By contrast, the graphical user interface is meant to be consumed by or interacted with by human beings. That’s the sole reason of existence of a GUI: to make it easier, or even possible, for human beings to interact with systems.

However, machines are not human beings, and human beings are not machines. Trying to replicate how a human interprets and interacts with an interface by means of a machine (your automation) isn’t easy, as we’ve all learned by now.

That’s not the fault of the tools that are available. There are many, many good tools out there to support GUI automation, both in the open source space as well as commercially licensed tools. No, it’s the very nature of the interface and its target consumer audience that I feel makes it the most complex and therefore often the worst candidate for automation.

That doesn’t mean that you shouldn’t have GUI automation at all, but I think it does warrant being much more careful what to automate at this level, and it does make me wonder why so many of us start our automation learning journey there..

Another reason that makes UI automation the hardest form of automation out there is the fact that these tests are often what I refer to as ‘full stack’ tests, i.e., they exercise the entire stack in an application. Tests typically invoke the UI itself, APIs, business logic, databases, external systems, … All these moving parts make UI-driven automation hard to set up and slow to execute.

To a large extent, this can be mitigated by mocking out parts of the system that do not play an integral role in providing the information that the test is supposed to uncover. I am a big fan, for example, of testing your user interface through unit tests.

Frameworks like React allow you to test UI logic and components in isolation from the rest of your code, for example. Alternatively, you can decide to mock the API (and everything behind it) that’s called from your UI, and use tools like Selenium or Playwright to (sort of) test your UI in isolation, too.

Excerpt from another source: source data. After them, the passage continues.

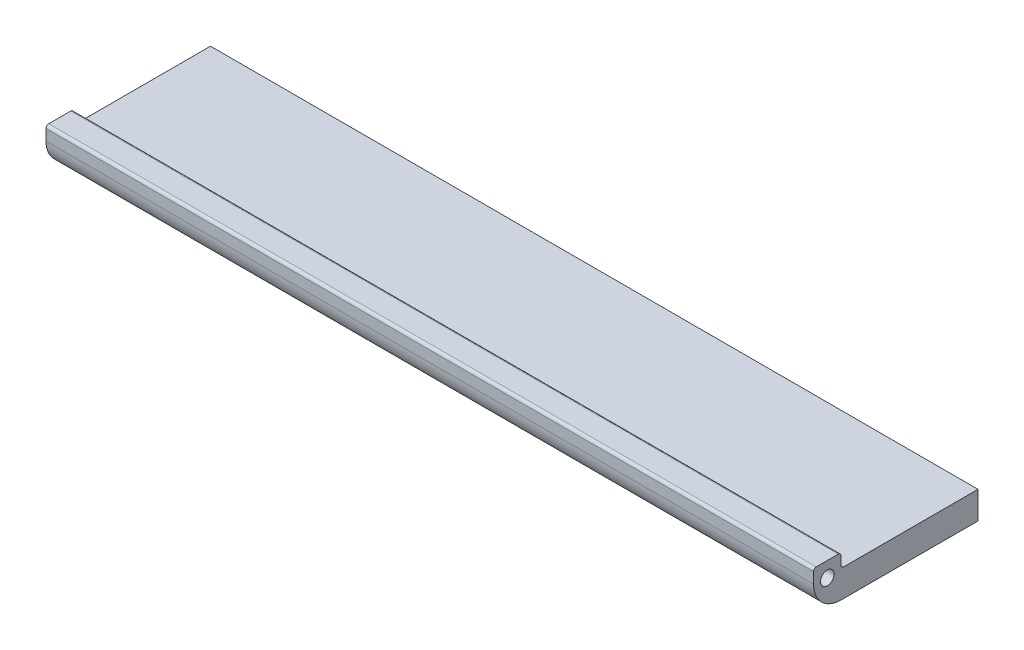
ISO-10303-21;
HEADER;
FILE_DESCRIPTION(('STEP AP214'),'2;1');
FILE_NAME('part.step','',(''),(''),'','','');
FILE_SCHEMA(('AUTOMOTIVE_DESIGN { 1 0 10303 214 1 1 1 1 }'));
ENDSEC;
DATA;
#1=APPLICATION_CONTEXT('core data for automotive mechanical design processes');
#2=APPLICATION_PROTOCOL_DEFINITION('international standard','automotive_design',2000,#1);
#3=PRODUCT_CONTEXT('',#1,'mechanical');
#4=PRODUCT('Part','Part','',(#3));
#5=PRODUCT_RELATED_PRODUCT_CATEGORY('part','',(#4));
#6=PRODUCT_DEFINITION_FORMATION('','',#4);
#7=PRODUCT_DEFINITION_CONTEXT('part definition',#1,'design');
#8=PRODUCT_DEFINITION('design','',#6,#7);
#9=PRODUCT_DEFINITION_SHAPE('','',#8);
#10=(LENGTH_UNIT() NAMED_UNIT(*) SI_UNIT(.MILLI.,.METRE.));
#11=(NAMED_UNIT(*) PLANE_ANGLE_UNIT() SI_UNIT($,.RADIAN.));
#12=(NAMED_UNIT(*) SI_UNIT($,.STERADIAN.) SOLID_ANGLE_UNIT());
#13=UNCERTAINTY_MEASURE_WITH_UNIT(LENGTH_MEASURE(1.E-05),#10,'distance_accuracy_value','');
#14=(GEOMETRIC_REPRESENTATION_CONTEXT(3) GLOBAL_UNCERTAINTY_ASSIGNED_CONTEXT((#13)) GLOBAL_UNIT_ASSIGNED_CONTEXT((#10,
#11,#12)) REPRESENTATION_CONTEXT('',''));
#15=CARTESIAN_POINT('',(0.,0.,0.));
#16=DIRECTION('',(0.,0.,1.));
#17=DIRECTION('',(1.,0.,0.));
#18=AXIS2_PLACEMENT_3D('',#15,#16,#17);
#19=CARTESIAN_POINT('',(-140.,10.,0.));
#20=DIRECTION('',(1.,0.,0.));
#21=DIRECTION('',(0.,0.,-1.));
#22=AXIS2_PLACEMENT_3D('',#19,#20,#21);
#23=PLANE('',#22);
#24=CARTESIAN_POINT('',(-140.,9.5,55.));
#25=DIRECTION('',(1.,0.,0.));
#26=DIRECTION('',(0.,0.,-1.));
#27=AXIS2_PLACEMENT_3D('',#24,#25,#26);
#28=CIRCLE('',#27,2.5);
#29=CARTESIAN_POINT('',(-140.,9.5,52.5));
#30=VERTEX_POINT('',#29);
#31=EDGE_CURVE('E157',#30,#30,#28,.T.);
#32=ORIENTED_EDGE('',*,*,#31,.T.);
#33=EDGE_LOOP('',(#32));
#34=FACE_BOUND('',#33,.T.);
#35=DIRECTION('',(0.,0.,1.));
#36=VECTOR('',#35,1.);
#37=CARTESIAN_POINT('',(-140.,15.,60.));
#38=LINE('',#37,#36);
#39=CARTESIAN_POINT('',(-140.,15.,51.));
#40=VERTEX_POINT('',#39);
#41=CARTESIAN_POINT('',(-140.,15.,59.));
#42=VERTEX_POINT('',#41);
#43=EDGE_CURVE('E155',#40,#42,#38,.T.);
#44=ORIENTED_EDGE('',*,*,#43,.F.);
#45=CARTESIAN_POINT('',(-140.,14.,51.));
#46=DIRECTION('',(1.,0.,0.));
#47=DIRECTION('',(0.,0.,-1.));
#48=AXIS2_PLACEMENT_3D('',#45,#46,#47);
#49=CIRCLE('',#48,1.);
#50=CARTESIAN_POINT('',(-140.,14.,50.));
#51=VERTEX_POINT('',#50);
#52=EDGE_CURVE('E209',#40,#51,#49,.F.);
#53=ORIENTED_EDGE('',*,*,#52,.T.);
#54=DIRECTION('',(0.,-1.,0.));
#55=VECTOR('',#54,1.);
#56=CARTESIAN_POINT('',(-140.,15.,50.));
#57=LINE('',#56,#55);
#58=CARTESIAN_POINT('',(-140.,11.,50.));
#59=VERTEX_POINT('',#58);
#60=EDGE_CURVE('E154',#51,#59,#57,.T.);
#61=ORIENTED_EDGE('',*,*,#60,.T.);
#62=CARTESIAN_POINT('',(-140.,11.,49.));
#63=DIRECTION('',(1.,0.,0.));
#64=DIRECTION('',(0.,0.,-1.));
#65=AXIS2_PLACEMENT_3D('',#62,#63,#64);
#66=CIRCLE('',#65,1.);
#67=CARTESIAN_POINT('',(-140.,10.,49.));
#68=VERTEX_POINT('',#67);
#69=EDGE_CURVE('E41',#59,#68,#66,.T.);
#70=ORIENTED_EDGE('',*,*,#69,.T.);
#71=DIRECTION('',(0.,0.,1.));
#72=VECTOR('',#71,1.);
#73=CARTESIAN_POINT('',(-140.,10.,0.));
#74=LINE('',#73,#72);
#75=CARTESIAN_POINT('',(-140.,10.,0.));
#76=VERTEX_POINT('',#75);
#77=EDGE_CURVE('E114',#76,#68,#74,.T.);
#78=ORIENTED_EDGE('',*,*,#77,.F.);
#79=DIRECTION('',(0.,-1.,0.));
#80=VECTOR('',#79,1.);
#81=CARTESIAN_POINT('',(-140.,10.,0.));
#82=LINE('',#81,#80);
#83=CARTESIAN_POINT('',(-140.,0.,0.));
#84=VERTEX_POINT('',#83);
#85=EDGE_CURVE('E125',#76,#84,#82,.T.);
#86=ORIENTED_EDGE('',*,*,#85,.T.);
#87=DIRECTION('',(0.,0.,1.));
#88=VECTOR('',#87,1.);
#89=CARTESIAN_POINT('',(-140.,0.,0.));
#90=LINE('',#89,#88);
#91=CARTESIAN_POINT('',(-140.,0.,50.));
#92=VERTEX_POINT('',#91);
#93=EDGE_CURVE('E135',#84,#92,#90,.T.);
#94=ORIENTED_EDGE('',*,*,#93,.T.);
#95=CARTESIAN_POINT('',(-140.,10.,50.));
#96=DIRECTION('',(1.,0.,0.));
#97=DIRECTION('',(0.,0.,-1.));
#98=AXIS2_PLACEMENT_3D('',#95,#96,#97);
#99=CIRCLE('',#98,10.);
#100=CARTESIAN_POINT('',(-140.,10.,60.));
#101=VERTEX_POINT('',#100);
#102=EDGE_CURVE('E224',#92,#101,#99,.F.);
#103=ORIENTED_EDGE('',*,*,#102,.T.);
#104=DIRECTION('',(0.,-1.,0.));
#105=VECTOR('',#104,1.);
#106=CARTESIAN_POINT('',(-140.,10.,60.));
#107=LINE('',#106,#105);
#108=CARTESIAN_POINT('',(-140.,14.,60.));
#109=VERTEX_POINT('',#108);
#110=EDGE_CURVE('E143',#109,#101,#107,.T.);
#111=ORIENTED_EDGE('',*,*,#110,.F.);
#112=CARTESIAN_POINT('',(-140.,14.,59.));
#113=DIRECTION('',(1.,0.,0.));
#114=DIRECTION('',(0.,0.,-1.));
#115=AXIS2_PLACEMENT_3D('',#112,#113,#114);
#116=CIRCLE('',#115,1.);
#117=EDGE_CURVE('E234',#109,#42,#116,.F.);
#118=ORIENTED_EDGE('',*,*,#117,.T.);
#119=EDGE_LOOP('',(#44,#53,#61,#70,#78,#86,#94,#103,#111,#118));
#120=FACE_BOUND('',#119,.T.);
#121=ADVANCED_FACE('F33',(#34,#120),#23,.F.);
#122=CARTESIAN_POINT('',(-140.,10.,60.));
#123=DIRECTION('',(0.,0.,-1.));
#124=DIRECTION('',(-1.,0.,0.));
#125=AXIS2_PLACEMENT_3D('',#122,#123,#124);
#126=PLANE('',#125);
#127=DIRECTION('',(0.,-1.,0.));
#128=VECTOR('',#127,1.);
#129=CARTESIAN_POINT('',(140.,10.,60.));
#130=LINE('',#129,#128);
#131=CARTESIAN_POINT('',(140.,14.,60.));
#132=VERTEX_POINT('',#131);
#133=CARTESIAN_POINT('',(140.,10.,60.));
#134=VERTEX_POINT('',#133);
#135=EDGE_CURVE('E124',#132,#134,#130,.T.);
#136=ORIENTED_EDGE('',*,*,#135,.F.);
#137=DIRECTION('',(1.,0.,0.));
#138=VECTOR('',#137,1.);
#139=CARTESIAN_POINT('',(-140.,14.,60.));
#140=LINE('',#139,#138);
#141=EDGE_CURVE('E232',#132,#109,#140,.F.);
#142=ORIENTED_EDGE('',*,*,#141,.T.);
#143=ORIENTED_EDGE('',*,*,#110,.T.);
#144=DIRECTION('',(1.,0.,0.));
#145=VECTOR('',#144,1.);
#146=CARTESIAN_POINT('',(-140.,10.,60.));
#147=LINE('',#146,#145);
#148=EDGE_CURVE('E145',#101,#134,#147,.T.);
#149=ORIENTED_EDGE('',*,*,#148,.T.);
#150=EDGE_LOOP('',(#136,#142,#143,#149));
#151=FACE_BOUND('',#150,.T.);
#152=ADVANCED_FACE('F168',(#151),#126,.F.);
#153=CARTESIAN_POINT('',(140.,10.,0.));
#154=DIRECTION('',(-1.,0.,0.));
#155=DIRECTION('',(0.,0.,1.));
#156=AXIS2_PLACEMENT_3D('',#153,#154,#155);
#157=PLANE('',#156);
#158=CARTESIAN_POINT('',(140.,9.5,55.));
#159=DIRECTION('',(1.,0.,0.));
#160=DIRECTION('',(0.,0.,-1.));
#161=AXIS2_PLACEMENT_3D('',#158,#159,#160);
#162=CIRCLE('',#161,2.5);
#163=CARTESIAN_POINT('',(140.,9.5,52.5));
#164=VERTEX_POINT('',#163);
#165=EDGE_CURVE('E160',#164,#164,#162,.T.);
#166=ORIENTED_EDGE('',*,*,#165,.F.);
#167=EDGE_LOOP('',(#166));
#168=FACE_BOUND('',#167,.T.);
#169=DIRECTION('',(0.,-1.,0.));
#170=VECTOR('',#169,1.);
#171=CARTESIAN_POINT('',(140.,15.,50.));
#172=LINE('',#171,#170);
#173=CARTESIAN_POINT('',(140.,14.,50.));
#174=VERTEX_POINT('',#173);
#175=CARTESIAN_POINT('',(140.,11.,50.));
#176=VERTEX_POINT('',#175);
#177=EDGE_CURVE('E138',#174,#176,#172,.T.);
#178=ORIENTED_EDGE('',*,*,#177,.F.);
#179=CARTESIAN_POINT('',(140.,14.,51.));
#180=DIRECTION('',(-1.,0.,0.));
#181=DIRECTION('',(0.,0.,1.));
#182=AXIS2_PLACEMENT_3D('',#179,#180,#181);
#183=CIRCLE('',#182,1.);
#184=CARTESIAN_POINT('',(140.,15.,51.));
#185=VERTEX_POINT('',#184);
#186=EDGE_CURVE('E200',#174,#185,#183,.F.);
#187=ORIENTED_EDGE('',*,*,#186,.T.);
#188=DIRECTION('',(0.,0.,-1.));
#189=VECTOR('',#188,1.);
#190=CARTESIAN_POINT('',(140.,15.,60.));
#191=LINE('',#190,#189);
#192=CARTESIAN_POINT('',(140.,15.,59.));
#193=VERTEX_POINT('',#192);
#194=EDGE_CURVE('E151',#193,#185,#191,.T.);
#195=ORIENTED_EDGE('',*,*,#194,.F.);
#196=CARTESIAN_POINT('',(140.,14.,59.));
#197=DIRECTION('',(-1.,0.,0.));
#198=DIRECTION('',(0.,0.,1.));
#199=AXIS2_PLACEMENT_3D('',#196,#197,#198);
#200=CIRCLE('',#199,1.);
#201=EDGE_CURVE('E230',#193,#132,#200,.F.);
#202=ORIENTED_EDGE('',*,*,#201,.T.);
#203=ORIENTED_EDGE('',*,*,#135,.T.);
#204=CARTESIAN_POINT('',(140.,10.,50.));
#205=DIRECTION('',(-1.,0.,0.));
#206=DIRECTION('',(0.,0.,1.));
#207=AXIS2_PLACEMENT_3D('',#204,#205,#206);
#208=CIRCLE('',#207,10.);
#209=CARTESIAN_POINT('',(140.,0.,50.));
#210=VERTEX_POINT('',#209);
#211=EDGE_CURVE('E220',#134,#210,#208,.F.);
#212=ORIENTED_EDGE('',*,*,#211,.T.);
#213=DIRECTION('',(0.,0.,-1.));
#214=VECTOR('',#213,1.);
#215=CARTESIAN_POINT('',(140.,0.,0.));
#216=LINE('',#215,#214);
#217=CARTESIAN_POINT('',(140.,0.,0.));
#218=VERTEX_POINT('',#217);
#219=EDGE_CURVE('E121',#210,#218,#216,.T.);
#220=ORIENTED_EDGE('',*,*,#219,.T.);
#221=DIRECTION('',(0.,-1.,0.));
#222=VECTOR('',#221,1.);
#223=CARTESIAN_POINT('',(140.,10.,0.));
#224=LINE('',#223,#222);
#225=CARTESIAN_POINT('',(140.,10.,0.));
#226=VERTEX_POINT('',#225);
#227=EDGE_CURVE('E117',#226,#218,#224,.T.);
#228=ORIENTED_EDGE('',*,*,#227,.F.);
#229=DIRECTION('',(0.,0.,-1.));
#230=VECTOR('',#229,1.);
#231=CARTESIAN_POINT('',(140.,10.,0.));
#232=LINE('',#231,#230);
#233=CARTESIAN_POINT('',(140.,10.,49.));
#234=VERTEX_POINT('',#233);
#235=EDGE_CURVE('E106',#234,#226,#232,.T.);
#236=ORIENTED_EDGE('',*,*,#235,.F.);
#237=CARTESIAN_POINT('',(140.,11.,49.));
#238=DIRECTION('',(-1.,0.,0.));
#239=DIRECTION('',(0.,0.,1.));
#240=AXIS2_PLACEMENT_3D('',#237,#238,#239);
#241=CIRCLE('',#240,1.);
#242=EDGE_CURVE('E11',#234,#176,#241,.T.);
#243=ORIENTED_EDGE('',*,*,#242,.T.);
#244=EDGE_LOOP('',(#178,#187,#195,#202,#203,#212,#220,#228,#236,#243));
#245=FACE_BOUND('',#244,.T.);
#246=ADVANCED_FACE('F119',(#168,#245),#157,.F.);
#247=CARTESIAN_POINT('',(-140.,10.,0.));
#248=DIRECTION('',(0.,0.,1.));
#249=DIRECTION('',(1.,0.,0.));
#250=AXIS2_PLACEMENT_3D('',#247,#248,#249);
#251=PLANE('',#250);
#252=DIRECTION('',(-1.,0.,0.));
#253=VECTOR('',#252,1.);
#254=CARTESIAN_POINT('',(-140.,0.,0.));
#255=LINE('',#254,#253);
#256=EDGE_CURVE('E140',#218,#84,#255,.T.);
#257=ORIENTED_EDGE('',*,*,#256,.T.);
#258=ORIENTED_EDGE('',*,*,#85,.F.);
#259=DIRECTION('',(-1.,0.,0.));
#260=VECTOR('',#259,1.);
#261=CARTESIAN_POINT('',(-140.,10.,0.));
#262=LINE('',#261,#260);
#263=EDGE_CURVE('E110',#226,#76,#262,.T.);
#264=ORIENTED_EDGE('',*,*,#263,.F.);
#265=ORIENTED_EDGE('',*,*,#227,.T.);
#266=EDGE_LOOP('',(#257,#258,#264,#265));
#267=FACE_BOUND('',#266,.T.);
#268=ADVANCED_FACE('F127',(#267),#251,.F.);
#269=CARTESIAN_POINT('',(0.,10.,0.));
#270=DIRECTION('',(0.,1.,0.));
#271=DIRECTION('',(0.,0.,1.));
#272=AXIS2_PLACEMENT_3D('',#269,#270,#271);
#273=PLANE('',#272);
#274=ORIENTED_EDGE('',*,*,#77,.T.);
#275=DIRECTION('',(-1.,0.,0.));
#276=VECTOR('',#275,1.);
#277=CARTESIAN_POINT('',(0.,10.,49.));
#278=LINE('',#277,#276);
#279=EDGE_CURVE('E54',#68,#234,#278,.F.);
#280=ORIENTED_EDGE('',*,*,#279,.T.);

This does require a certain level of testability, though, as well as some knowledge of and experience with mocking as an automation engineer, and these things aren’t covered in most courses on UI automation, nor in most automation learning journeys.

This again leads to a lot of relatively inexperienced automation engineers frantically trying to automate everything in the hardest way there is: by writing full stack tests through the graphical user interface of an application. It is certainly the way I ‘did’ automation in the first years of my career, and it is the way I still see a lot of people approach automation when they enter the field.

Coming back to the question I mentioned at the start of this post, I’d like to advocate for a more holistic way of learning automation. UI automation can be (should be) part of it, but it definitely should not be the starting point, nor should it even be a very large part of an automation learning journey.

As I’ve written in the ebook I referenced at the beginning of this post, there’s more, much more to becoming a skilled in automation

This includes, but is definitely not limited to

becoming a better software tester. Recommendation: the Rapid Software Testing courses.
becoming a decent programmer. Recommendation: practice, practice, practice, have your work reviewed by others, then practice some more.
augmenting your learning by automation courses that go beyond learning tricks with specific tools. Recommendation: apart from my own courses, have a look at courses like Automation in Testing for example.

Your goal should not be to become the best or the most knowledgeable about a specific tool or technique. I think that’s rather pointless. Your preferred tool or technique will not be useful in all situations, and tools and techniques come and go, anyway.

Instead, try and learn enough to be able to have meaningful conversations about software testing, automation, programming and testability. Once you get there, the rest will come. Not automatically, it will still be a lot of hard work and time invested, but the ability to understand what people talk about when they talk about these topics is, to me, the foundation to long-term success in this field.

Again, some user interface automation might be part of that, but there’s more to uncover. Much, much more.